Hatchery Information


photo of Legends Award winner Denise Clay
Jim Kurth (Deputy Director), John Schmerfeld (Deputy Assistant Director, FAC), Denise Clay (award winner), and Deb Rocque (Deputy Regional Director).

2018 U.S. Fish and Wildlife Service Legend Award Winner Denise Clay

It’s Great Outdoors Month, and the Fish and Aquatic Conservation Program would like to celebrate Denise Clay, Fish Biologist and Outreach Coordinator at the Lower Great Lakes Fish and Wildlife Conservation Office, who was the U.S. Fish and Wildlife Service’s recipient of the 2018 Legends Award established by the Outdoor Recreation Roundtable. The Legends Award recognizes outstanding Federal employees for their contributions towards enhancing our Nation's outdoor recreation programs, connecting people – especially children – and the outdoors, through innovative programs and partnerships. Denise has shown tremendous passion for connecting people of all ages and backgrounds with nature. She has worked tirelessly to develop partnerships with others to help reach more youth and conduct conservation for the Great Lakes region. At last count she has worked with 50 different organizations to bring science and the outdoors to youth.

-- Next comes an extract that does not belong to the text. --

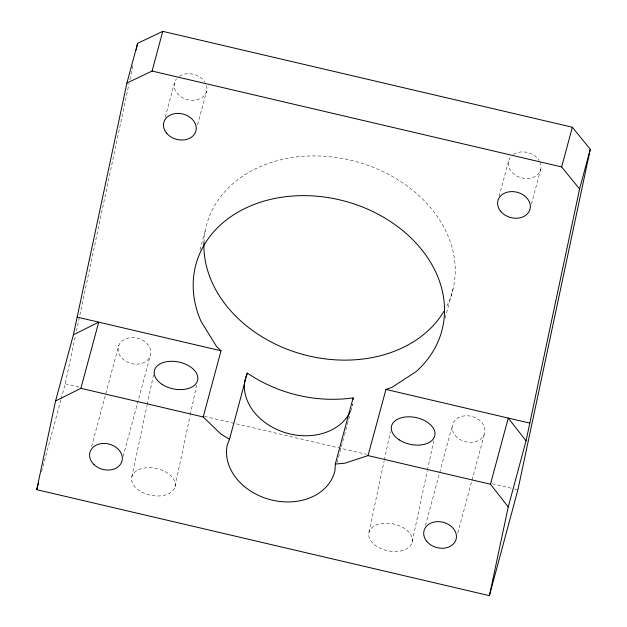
<?xml version="1.0" encoding="UTF-8"?>
<svg xmlns="http://www.w3.org/2000/svg" width="627" height="627" viewBox="0 0 627 627"><rect width="100%" height="100%" fill="white"/><g stroke="black" fill="none" stroke-linecap="round" stroke-linejoin="round"><path stroke-width="0.47" stroke-dasharray="3.13 2.35" d="M61.164 398.921L65.239 383.795L75.601 335.022M76.416 331.197L129.068 83.493M129.883 79.668L133.136 64.369M131.85 476.802L146.992 405.551M147.196 404.603L153.458 375.15M174.964 486.889A22.149 13.692 12 0 0 145.715 467.86A22.149 13.692 12 0 0 139.539 490.784A22.149 13.692 12 0 0 174.964 486.889L190.106 415.646M190.31 414.698L196.565 385.244M368.982 532.307L384.124 461.064M384.327 460.116L390.386 431.611M412.088 542.402A22.149 13.692 12 0 0 382.846 523.373A22.149 13.692 12 0 0 376.67 546.297A22.149 13.692 12 0 0 412.088 542.402L427.238 471.151M427.434 470.203L433.696 440.757M41.562 471.723L60.905 399.869M165.222 117.249L174.384 83.211M91.566 446.557L118.809 345.391M197.552 124.812L206.714 90.782M123.135 456.534L150.119 356.324A16.608 13.049 15.1 0 0 130.847 337.608A16.608 13.049 15.1 0 0 122.43 358.644A16.608 13.049 15.1 0 0 150.119 356.324M200.021 249.82L205.617 229.02M337.075 462.601L344.207 436.126M344.458 435.185L349.803 415.333M351.081 410.599L352.86 403.984A55.364 43.482 15.1 0 1 351.872 407.636M445.107 318.25L453.509 287.048M499.076 196.408L508.497 161.421M425.427 525.504L439.433 473.503M439.684 472.554L452.412 425.286M531.414 203.971L540.835 168.992M457.765 533.068L484.749 432.857M65.239 383.795L79.527 387.141M204.371 416.367L366.38 454.293M492.179 483.738L514.093 488.872M515.049 489.091L517.91 489.765M203.947 242.531A127.344 100.014 15.1 0 1 355.775 161.507A127.344 100.014 15.1 0 1 445.828 307.998M206.526 85.609A16.608 13.049 15.1 0 1 187.834 99.764A16.608 13.049 15.1 0 1 176.649 78.61M179.377 76.22A16.608 13.049 15.1 0 1 205.029 82.223M540.027 162.103A16.608 13.049 15.1 0 1 523.012 178.193A16.608 13.049 15.1 0 1 510.77 156.828M513.489 154.43A16.608 13.049 15.1 0 1 539.142 160.441M455.233 435.42A16.608 13.049 15.1 0 0 483.495 436.031A16.608 13.049 15.1 0 0 467.021 415.756A16.608 13.049 15.1 0 0 455.233 435.42"/><path stroke-width="0.94" d="M353.134 397.863L335.312 464.043L335.037 470.164A55.364 43.482 15.1 0 1 272.102 500.111A55.364 43.482 15.1 0 1 227.264 444.935L229.498 439.268L247.32 373.089C277.918 393.889 316.463 403.106 353.134 397.863L353.056 399.611M36.727 489.679L55.576 400.982L73.398 334.802L126.913 83.038L137.603 43.326L162.777 31.35L572.341 127.226L590.273 149.297L517.91 489.765L489.397 595.65L36.727 489.679L38.506 483.064M136.184 50.019L137.603 43.326M489.397 595.65L508.246 506.953L526.053 440.812L579.583 189.001L590.273 149.297M126.913 83.038L152.087 71.055L162.777 31.35M55.576 400.982L80.891 388.332L98.713 322.153L73.398 334.802M229.498 439.268L221.065 434.182L203.203 416.963L221.025 350.783L216.519 346.441L201.126 321.557A127.344 100.014 15.1 0 1 339.677 199.856A127.344 100.014 15.1 0 1 415.811 371.811L391.804 387.47L385.958 389.422L368.033 455.602L344.897 463.204L335.312 464.043M579.583 189.001L561.651 166.931L572.341 127.226M508.246 506.953L490.455 484.216L508.262 418.084L529.815 423.115M245.4 377.948L247.32 373.089M152.087 71.055L561.651 166.931M77.16 317.105L221.025 350.783M385.958 389.422L508.262 418.084L526.053 440.812M80.891 388.332L203.203 416.963M368.033 455.602L490.455 484.216M443.9 311.392A127.344 100.014 15.1 0 1 300.999 353.894A127.344 100.014 15.1 0 1 203.947 242.531M350.469 411.194A55.364 43.482 15.1 0 1 285.834 432.842A55.364 43.482 15.1 0 1 244.898 379.68M166.508 133.057A16.608 13.049 15.1 0 0 194.77 133.661A16.608 13.049 15.1 0 0 178.295 113.393A16.608 13.049 15.1 0 0 166.508 133.057M500.62 211.268A16.608 13.049 15.1 0 0 528.89 211.879A16.608 13.049 15.1 0 0 512.408 191.603A16.608 13.049 15.1 0 0 500.62 211.268M93.917 464.529A16.608 13.049 15.1 0 0 121.607 462.209A16.608 13.049 15.1 0 0 102.334 443.493A16.608 13.049 15.1 0 0 93.917 464.529M426.721 541.313A16.608 13.049 15.1 0 0 454.983 541.916A16.608 13.049 15.1 0 0 438.508 521.648A16.608 13.049 15.1 0 0 426.721 541.313M162.158 384.39A22.149 13.692 12 0 0 197.576 380.495A22.149 13.692 12 0 0 168.334 361.465A22.149 13.692 12 0 0 162.158 384.39M399.281 439.903A22.149 13.692 12 0 0 434.707 436.008A22.149 13.692 12 0 0 405.457 416.971A22.149 13.692 12 0 0 399.281 439.903"/></g></svg>

In 2017 Denise coordinated 43 programs, engaging with over 28,000 people in the western New York. One program Denise brought to a new level is Students, Nature, and Photography (SNAP!), reaching 1,270 students from grades 3-12. Students from Buffalo’s Riverside Academy recently featured their photography and inspiration in an art exhibit at Buffalo State College. For many, this was the first time they had been out in the woods, and they loved it.


mom  and daughters spend quality outdoor time at the Wolf Creek hatchery

Environmental Education Specialist at Wolf Creek National Fish Hatchery, Moria Painter and daughters spend quality outdoor time at the hatchery. Photo Credit: Brett Billings/USFWS

Take a mom fishing on Mother’s Day weekend!

May 2018

If you are looking for a place to take mom fishing over Mother’s Day weekend, think about a National Fish Hatchery. Many of our hatcheries provide fishing opportunities and might be just a short drive away. While visiting you can relax, have a picnic, view fish and wildlife, take a tour, and maybe enjoy a walking, hiking or biking trail.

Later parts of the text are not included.